Stoichiometric Modeling and Stability Analysis of Synthesis of Alkane Reactions Using PINNs with PDFP Optimization: Applications in Pharmaceutical, Rubber, and Fuel

In this study, we present a physics-informed neural network for stoichiometric modeling and stability analysis of synthesis of alkane reactions with optimal control, motivated by applications in the pharmaceutical, rubber, and fuel industries. The reaction in this study mechanism consisting of 12 chemical species and is modeled as a strongly nonlinear mathematical system of ordinary differential equations that represents decarboxylation, radical formation, recombination, and potassium regeneration processes. Fundamental properties, including well-posedness, equilibrium behavior, stability, and parameter sensitivity, are systematically analyzed.

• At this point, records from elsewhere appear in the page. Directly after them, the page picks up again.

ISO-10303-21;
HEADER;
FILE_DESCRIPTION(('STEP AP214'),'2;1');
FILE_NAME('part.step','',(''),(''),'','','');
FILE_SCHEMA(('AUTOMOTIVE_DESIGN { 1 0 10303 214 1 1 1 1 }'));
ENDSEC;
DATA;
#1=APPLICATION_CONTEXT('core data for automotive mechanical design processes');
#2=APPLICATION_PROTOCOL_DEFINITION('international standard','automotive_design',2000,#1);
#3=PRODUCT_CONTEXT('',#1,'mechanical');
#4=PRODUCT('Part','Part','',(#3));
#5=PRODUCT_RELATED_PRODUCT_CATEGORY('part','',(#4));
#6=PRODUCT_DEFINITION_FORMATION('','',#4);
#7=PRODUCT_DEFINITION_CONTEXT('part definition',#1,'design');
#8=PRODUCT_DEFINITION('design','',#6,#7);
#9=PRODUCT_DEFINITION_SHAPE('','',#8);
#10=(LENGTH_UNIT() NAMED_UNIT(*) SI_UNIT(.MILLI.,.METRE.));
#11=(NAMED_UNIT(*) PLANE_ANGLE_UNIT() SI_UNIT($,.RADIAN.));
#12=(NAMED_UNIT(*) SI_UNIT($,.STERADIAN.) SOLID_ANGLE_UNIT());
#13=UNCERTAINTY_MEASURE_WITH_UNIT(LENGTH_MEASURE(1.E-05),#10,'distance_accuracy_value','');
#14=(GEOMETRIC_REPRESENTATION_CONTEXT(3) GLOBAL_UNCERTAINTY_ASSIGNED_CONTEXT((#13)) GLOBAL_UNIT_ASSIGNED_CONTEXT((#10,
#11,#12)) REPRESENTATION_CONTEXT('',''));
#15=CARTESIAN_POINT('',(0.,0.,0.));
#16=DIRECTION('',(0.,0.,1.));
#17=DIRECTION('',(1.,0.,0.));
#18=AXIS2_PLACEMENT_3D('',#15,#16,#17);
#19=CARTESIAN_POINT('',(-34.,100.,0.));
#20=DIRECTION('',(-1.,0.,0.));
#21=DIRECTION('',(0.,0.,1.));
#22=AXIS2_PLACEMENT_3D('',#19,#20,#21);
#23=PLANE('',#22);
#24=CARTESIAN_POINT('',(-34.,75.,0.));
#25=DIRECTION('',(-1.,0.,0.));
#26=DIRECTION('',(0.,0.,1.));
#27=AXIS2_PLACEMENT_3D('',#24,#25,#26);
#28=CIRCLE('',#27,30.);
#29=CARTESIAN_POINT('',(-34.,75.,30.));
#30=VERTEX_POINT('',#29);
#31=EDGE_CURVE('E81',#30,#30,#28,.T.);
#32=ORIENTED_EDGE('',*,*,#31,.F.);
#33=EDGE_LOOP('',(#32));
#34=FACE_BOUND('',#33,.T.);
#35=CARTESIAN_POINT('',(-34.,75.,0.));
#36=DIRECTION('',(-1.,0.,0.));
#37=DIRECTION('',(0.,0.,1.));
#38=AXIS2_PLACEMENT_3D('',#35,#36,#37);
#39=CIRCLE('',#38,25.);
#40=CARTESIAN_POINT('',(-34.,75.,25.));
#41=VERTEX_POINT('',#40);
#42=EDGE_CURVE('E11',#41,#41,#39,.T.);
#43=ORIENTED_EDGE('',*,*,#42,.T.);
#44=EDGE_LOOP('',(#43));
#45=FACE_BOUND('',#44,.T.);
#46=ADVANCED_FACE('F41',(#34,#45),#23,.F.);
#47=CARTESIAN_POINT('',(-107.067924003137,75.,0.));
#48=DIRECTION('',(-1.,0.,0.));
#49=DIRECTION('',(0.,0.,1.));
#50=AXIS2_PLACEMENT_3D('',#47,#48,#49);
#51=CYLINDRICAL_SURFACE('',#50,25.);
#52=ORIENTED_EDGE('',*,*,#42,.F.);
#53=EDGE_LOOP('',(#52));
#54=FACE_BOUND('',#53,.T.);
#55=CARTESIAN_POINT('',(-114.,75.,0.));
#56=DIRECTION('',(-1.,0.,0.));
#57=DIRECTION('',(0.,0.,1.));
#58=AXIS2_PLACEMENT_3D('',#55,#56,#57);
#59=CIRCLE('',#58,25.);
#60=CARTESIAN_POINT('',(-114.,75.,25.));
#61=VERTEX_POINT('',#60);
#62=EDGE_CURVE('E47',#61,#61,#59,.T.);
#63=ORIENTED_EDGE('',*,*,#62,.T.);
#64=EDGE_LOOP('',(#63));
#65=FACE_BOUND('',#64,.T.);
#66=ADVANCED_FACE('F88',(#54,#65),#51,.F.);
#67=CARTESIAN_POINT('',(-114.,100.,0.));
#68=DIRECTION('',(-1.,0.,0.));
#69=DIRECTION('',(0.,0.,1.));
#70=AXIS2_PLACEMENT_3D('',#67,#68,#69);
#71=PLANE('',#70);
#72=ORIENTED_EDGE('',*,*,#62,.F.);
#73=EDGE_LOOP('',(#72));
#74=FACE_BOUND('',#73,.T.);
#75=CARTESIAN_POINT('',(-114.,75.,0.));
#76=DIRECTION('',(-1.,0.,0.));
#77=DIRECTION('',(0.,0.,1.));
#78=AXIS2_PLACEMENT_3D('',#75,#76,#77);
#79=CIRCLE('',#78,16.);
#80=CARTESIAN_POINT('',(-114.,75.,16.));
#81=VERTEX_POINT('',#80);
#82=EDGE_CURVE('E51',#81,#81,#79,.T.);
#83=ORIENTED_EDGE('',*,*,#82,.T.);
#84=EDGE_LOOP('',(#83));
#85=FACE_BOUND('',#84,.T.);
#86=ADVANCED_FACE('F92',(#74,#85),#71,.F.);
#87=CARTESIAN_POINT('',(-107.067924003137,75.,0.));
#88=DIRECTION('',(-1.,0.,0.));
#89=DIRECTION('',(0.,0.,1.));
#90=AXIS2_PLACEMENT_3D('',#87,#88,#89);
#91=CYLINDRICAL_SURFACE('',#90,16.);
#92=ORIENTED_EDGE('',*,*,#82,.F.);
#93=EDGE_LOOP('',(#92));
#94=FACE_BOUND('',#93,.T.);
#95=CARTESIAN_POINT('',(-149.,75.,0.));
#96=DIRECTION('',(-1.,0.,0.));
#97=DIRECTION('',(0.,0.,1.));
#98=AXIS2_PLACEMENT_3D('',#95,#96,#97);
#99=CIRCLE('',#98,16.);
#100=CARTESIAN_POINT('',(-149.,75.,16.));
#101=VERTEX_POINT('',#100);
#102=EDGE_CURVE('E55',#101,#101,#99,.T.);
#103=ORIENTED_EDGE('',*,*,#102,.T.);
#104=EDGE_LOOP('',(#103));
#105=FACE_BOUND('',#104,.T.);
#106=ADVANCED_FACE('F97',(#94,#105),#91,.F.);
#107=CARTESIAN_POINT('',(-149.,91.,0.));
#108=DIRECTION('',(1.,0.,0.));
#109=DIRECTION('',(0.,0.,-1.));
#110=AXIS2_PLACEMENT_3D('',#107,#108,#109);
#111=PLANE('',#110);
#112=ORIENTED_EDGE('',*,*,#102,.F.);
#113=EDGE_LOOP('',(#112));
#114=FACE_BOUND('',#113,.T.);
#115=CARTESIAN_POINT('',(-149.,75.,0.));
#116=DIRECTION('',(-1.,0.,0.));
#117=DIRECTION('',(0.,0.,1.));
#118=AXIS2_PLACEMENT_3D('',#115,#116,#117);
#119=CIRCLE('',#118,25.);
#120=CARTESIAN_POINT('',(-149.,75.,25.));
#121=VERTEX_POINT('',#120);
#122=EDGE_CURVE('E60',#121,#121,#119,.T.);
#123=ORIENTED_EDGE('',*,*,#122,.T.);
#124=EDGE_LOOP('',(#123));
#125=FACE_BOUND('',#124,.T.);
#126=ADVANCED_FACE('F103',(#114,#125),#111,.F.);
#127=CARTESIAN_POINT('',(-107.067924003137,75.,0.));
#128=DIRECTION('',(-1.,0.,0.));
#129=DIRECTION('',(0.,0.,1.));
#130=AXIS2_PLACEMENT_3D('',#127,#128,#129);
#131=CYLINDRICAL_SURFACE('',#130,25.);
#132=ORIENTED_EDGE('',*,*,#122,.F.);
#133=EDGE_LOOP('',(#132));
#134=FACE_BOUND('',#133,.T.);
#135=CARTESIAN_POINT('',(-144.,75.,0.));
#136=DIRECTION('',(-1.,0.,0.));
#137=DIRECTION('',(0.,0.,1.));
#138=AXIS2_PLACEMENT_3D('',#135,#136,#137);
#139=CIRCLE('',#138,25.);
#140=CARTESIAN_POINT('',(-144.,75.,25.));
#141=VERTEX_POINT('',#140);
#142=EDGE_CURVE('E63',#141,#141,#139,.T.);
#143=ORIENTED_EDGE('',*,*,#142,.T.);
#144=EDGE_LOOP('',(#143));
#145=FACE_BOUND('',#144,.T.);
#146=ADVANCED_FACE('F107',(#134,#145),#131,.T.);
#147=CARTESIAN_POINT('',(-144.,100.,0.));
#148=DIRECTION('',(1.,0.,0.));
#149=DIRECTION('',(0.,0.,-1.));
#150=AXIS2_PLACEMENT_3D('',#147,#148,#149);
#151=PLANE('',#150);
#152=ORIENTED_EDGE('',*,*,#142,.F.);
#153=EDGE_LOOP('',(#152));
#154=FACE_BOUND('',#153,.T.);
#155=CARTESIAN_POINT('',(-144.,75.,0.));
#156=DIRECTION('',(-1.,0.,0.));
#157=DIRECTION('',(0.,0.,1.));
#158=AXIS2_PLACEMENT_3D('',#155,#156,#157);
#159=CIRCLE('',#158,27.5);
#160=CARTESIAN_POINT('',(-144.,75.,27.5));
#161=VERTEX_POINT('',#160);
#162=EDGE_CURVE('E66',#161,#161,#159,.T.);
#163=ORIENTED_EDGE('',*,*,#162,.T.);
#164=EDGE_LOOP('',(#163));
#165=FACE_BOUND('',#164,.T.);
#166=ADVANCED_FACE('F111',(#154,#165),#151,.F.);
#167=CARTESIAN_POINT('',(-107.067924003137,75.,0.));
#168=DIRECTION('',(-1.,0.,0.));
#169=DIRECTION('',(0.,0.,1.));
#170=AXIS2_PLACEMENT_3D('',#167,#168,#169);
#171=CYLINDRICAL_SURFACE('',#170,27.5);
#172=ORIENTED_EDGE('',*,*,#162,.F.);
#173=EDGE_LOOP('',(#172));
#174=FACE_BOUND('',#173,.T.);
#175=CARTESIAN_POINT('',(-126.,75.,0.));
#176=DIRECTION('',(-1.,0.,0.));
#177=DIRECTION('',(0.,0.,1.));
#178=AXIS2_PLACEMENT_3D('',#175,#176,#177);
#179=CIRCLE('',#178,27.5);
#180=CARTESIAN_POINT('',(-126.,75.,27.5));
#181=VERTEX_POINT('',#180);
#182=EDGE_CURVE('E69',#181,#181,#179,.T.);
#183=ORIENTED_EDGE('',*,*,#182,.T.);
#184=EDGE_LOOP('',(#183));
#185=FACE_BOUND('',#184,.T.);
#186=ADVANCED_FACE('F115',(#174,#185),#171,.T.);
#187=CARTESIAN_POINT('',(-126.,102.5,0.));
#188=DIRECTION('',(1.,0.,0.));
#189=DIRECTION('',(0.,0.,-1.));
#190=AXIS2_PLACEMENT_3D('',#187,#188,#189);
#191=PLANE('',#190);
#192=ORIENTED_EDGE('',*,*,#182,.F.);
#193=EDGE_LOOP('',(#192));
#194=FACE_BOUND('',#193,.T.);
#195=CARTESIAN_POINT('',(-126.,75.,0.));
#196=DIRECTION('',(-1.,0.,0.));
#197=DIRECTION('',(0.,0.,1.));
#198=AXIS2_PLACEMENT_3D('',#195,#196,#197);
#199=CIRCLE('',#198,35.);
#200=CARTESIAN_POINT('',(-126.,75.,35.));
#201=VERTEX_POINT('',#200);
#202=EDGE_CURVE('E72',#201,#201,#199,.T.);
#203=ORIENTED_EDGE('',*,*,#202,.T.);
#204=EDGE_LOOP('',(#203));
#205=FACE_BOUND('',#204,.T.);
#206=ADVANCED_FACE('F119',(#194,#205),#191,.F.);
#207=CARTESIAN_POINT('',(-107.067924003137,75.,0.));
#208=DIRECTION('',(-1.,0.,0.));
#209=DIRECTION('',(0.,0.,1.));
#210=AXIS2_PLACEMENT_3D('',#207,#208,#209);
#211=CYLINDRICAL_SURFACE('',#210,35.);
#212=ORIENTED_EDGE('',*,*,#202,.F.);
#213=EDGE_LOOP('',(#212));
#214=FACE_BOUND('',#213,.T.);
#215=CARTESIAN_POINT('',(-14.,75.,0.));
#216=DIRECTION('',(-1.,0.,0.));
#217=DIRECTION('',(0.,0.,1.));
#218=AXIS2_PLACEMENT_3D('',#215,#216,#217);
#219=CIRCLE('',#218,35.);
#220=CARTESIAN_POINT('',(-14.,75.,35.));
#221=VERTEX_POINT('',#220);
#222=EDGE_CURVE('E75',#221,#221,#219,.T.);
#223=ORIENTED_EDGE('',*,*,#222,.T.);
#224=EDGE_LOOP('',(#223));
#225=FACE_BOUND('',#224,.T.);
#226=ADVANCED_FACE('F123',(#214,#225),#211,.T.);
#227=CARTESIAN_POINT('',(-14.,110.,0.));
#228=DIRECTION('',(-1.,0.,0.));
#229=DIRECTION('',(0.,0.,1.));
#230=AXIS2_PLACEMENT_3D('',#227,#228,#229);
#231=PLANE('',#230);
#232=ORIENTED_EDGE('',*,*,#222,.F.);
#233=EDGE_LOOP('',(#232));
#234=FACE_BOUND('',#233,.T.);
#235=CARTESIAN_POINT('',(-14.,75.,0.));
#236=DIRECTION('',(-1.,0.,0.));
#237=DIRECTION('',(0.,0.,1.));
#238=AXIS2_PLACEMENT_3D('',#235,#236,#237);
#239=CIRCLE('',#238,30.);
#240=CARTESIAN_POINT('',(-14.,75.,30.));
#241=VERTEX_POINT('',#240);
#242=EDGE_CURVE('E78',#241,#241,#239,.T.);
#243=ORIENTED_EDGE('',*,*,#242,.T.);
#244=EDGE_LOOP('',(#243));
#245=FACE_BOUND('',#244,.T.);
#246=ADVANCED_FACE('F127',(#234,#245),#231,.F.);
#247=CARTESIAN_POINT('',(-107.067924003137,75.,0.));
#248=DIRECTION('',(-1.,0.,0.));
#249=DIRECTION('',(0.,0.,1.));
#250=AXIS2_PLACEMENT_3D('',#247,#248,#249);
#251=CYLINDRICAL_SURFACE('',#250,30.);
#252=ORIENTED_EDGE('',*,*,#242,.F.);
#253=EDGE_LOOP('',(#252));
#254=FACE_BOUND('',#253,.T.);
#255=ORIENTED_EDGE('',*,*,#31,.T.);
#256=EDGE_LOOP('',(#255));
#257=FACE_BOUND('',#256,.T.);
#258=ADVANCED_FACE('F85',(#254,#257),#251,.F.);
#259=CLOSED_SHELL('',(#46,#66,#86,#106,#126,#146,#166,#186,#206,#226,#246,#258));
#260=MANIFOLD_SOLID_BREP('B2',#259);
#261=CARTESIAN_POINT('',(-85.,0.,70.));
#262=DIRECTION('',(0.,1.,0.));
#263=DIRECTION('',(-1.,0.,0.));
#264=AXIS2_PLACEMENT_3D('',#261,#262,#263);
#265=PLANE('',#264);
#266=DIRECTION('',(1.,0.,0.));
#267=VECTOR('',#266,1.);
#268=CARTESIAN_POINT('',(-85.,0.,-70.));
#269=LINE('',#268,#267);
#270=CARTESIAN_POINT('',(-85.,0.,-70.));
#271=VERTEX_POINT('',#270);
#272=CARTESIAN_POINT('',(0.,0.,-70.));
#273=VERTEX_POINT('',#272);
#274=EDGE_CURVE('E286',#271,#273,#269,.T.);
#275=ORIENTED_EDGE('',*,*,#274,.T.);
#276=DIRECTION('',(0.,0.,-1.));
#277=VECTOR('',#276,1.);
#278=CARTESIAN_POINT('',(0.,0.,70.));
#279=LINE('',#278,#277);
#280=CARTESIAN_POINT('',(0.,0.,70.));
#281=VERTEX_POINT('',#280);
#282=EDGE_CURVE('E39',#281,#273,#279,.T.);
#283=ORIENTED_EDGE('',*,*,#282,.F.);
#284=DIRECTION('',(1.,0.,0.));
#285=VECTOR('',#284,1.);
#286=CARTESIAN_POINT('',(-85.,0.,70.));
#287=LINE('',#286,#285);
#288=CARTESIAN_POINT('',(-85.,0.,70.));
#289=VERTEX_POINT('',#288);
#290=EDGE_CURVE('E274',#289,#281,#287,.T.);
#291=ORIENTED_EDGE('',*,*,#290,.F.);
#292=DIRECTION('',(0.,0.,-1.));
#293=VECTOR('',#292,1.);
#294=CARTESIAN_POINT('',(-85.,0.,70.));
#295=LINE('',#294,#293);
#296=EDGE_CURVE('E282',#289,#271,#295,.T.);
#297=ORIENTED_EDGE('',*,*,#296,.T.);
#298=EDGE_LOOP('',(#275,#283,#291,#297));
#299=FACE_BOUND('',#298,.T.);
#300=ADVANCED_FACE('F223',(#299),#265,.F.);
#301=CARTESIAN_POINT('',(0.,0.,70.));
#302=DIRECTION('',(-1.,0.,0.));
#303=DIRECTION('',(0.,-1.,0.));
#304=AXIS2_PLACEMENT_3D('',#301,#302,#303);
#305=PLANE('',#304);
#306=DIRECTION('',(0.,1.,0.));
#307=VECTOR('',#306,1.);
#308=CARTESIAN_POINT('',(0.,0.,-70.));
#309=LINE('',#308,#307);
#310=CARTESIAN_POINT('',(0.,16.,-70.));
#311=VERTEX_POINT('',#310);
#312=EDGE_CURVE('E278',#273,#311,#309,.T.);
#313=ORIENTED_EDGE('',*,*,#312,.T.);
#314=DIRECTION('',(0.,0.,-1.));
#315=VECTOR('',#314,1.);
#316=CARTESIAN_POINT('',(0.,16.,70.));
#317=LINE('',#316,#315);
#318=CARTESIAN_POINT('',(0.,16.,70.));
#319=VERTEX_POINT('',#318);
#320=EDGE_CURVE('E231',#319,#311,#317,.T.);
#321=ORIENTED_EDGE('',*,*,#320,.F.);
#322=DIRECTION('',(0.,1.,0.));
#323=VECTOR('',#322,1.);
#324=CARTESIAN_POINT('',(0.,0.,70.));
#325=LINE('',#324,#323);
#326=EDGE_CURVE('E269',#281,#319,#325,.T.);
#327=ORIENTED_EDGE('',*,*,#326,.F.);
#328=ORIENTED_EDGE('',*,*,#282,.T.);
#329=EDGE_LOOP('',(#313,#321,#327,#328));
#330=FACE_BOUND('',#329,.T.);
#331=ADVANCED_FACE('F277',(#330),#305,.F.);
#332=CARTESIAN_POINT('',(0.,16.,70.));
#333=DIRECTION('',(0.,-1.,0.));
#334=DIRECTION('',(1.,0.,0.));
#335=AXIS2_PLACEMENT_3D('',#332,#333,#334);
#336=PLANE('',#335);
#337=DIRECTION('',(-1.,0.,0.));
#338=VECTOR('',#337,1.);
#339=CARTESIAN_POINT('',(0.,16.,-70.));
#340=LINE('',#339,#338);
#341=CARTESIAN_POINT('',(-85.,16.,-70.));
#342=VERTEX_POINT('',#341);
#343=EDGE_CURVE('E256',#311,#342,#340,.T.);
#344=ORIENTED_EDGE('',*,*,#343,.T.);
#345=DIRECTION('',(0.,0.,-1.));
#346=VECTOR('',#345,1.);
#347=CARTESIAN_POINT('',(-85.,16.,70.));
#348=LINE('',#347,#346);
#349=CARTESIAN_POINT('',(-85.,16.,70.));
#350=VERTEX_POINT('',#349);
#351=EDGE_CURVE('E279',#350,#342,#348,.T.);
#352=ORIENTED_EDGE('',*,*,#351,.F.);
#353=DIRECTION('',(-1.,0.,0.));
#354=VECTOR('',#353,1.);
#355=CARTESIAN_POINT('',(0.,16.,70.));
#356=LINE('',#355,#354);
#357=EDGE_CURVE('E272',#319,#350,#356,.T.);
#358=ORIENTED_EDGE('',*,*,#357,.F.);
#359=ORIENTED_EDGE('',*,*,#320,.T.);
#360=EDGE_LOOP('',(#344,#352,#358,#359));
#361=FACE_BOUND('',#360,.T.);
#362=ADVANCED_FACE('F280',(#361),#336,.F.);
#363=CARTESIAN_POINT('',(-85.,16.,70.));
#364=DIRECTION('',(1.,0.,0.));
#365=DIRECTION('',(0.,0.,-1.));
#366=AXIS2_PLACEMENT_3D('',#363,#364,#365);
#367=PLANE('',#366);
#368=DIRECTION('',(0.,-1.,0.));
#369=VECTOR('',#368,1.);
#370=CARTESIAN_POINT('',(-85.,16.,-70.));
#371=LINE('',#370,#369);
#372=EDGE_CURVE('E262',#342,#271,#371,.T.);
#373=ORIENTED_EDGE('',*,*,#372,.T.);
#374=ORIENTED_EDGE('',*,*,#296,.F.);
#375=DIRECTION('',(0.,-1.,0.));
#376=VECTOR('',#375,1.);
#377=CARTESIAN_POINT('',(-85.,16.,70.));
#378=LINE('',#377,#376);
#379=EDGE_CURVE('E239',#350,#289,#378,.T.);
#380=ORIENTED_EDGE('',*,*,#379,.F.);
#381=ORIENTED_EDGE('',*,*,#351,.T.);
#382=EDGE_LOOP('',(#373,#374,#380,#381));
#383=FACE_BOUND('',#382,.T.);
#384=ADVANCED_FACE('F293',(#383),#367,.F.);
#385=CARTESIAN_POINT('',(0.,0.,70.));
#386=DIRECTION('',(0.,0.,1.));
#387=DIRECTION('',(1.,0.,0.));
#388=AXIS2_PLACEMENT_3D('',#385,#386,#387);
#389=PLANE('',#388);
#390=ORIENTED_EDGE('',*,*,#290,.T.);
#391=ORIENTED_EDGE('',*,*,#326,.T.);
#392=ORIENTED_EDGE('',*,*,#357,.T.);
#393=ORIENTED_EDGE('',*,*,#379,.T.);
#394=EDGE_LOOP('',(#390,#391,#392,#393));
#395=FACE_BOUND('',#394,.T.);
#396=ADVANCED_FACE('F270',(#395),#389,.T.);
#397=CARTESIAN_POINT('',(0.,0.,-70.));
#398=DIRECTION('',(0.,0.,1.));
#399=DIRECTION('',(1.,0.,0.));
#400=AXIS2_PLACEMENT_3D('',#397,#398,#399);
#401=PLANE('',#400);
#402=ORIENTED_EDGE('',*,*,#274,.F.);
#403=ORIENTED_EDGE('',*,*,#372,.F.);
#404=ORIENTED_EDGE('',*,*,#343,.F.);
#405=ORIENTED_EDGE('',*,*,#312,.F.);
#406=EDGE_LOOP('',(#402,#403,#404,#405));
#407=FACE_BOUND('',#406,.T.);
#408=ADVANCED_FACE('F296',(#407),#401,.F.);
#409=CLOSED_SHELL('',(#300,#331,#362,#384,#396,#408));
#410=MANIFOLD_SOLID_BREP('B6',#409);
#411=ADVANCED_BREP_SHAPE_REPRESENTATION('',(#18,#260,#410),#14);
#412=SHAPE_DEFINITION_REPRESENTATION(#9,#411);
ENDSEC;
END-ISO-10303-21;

An optimal control formulation with bounded time-dependent control inputs is incorporated to regulate reactive intermediates and suppress undesirable reaction pathways. The controlled kinetic system is solved using a PINNs-based approach that provides simultaneous state prediction and parameter identification without conventional time marching. A preconditioned Davidon Fletcher Powell optimizer is employed to increase the convergence and numerical stability for these dynamics. Numerical experiments and phase space analyses confirm accurate stoichiometric balance, stable controlled trajectories, and strong generalization capability of the model.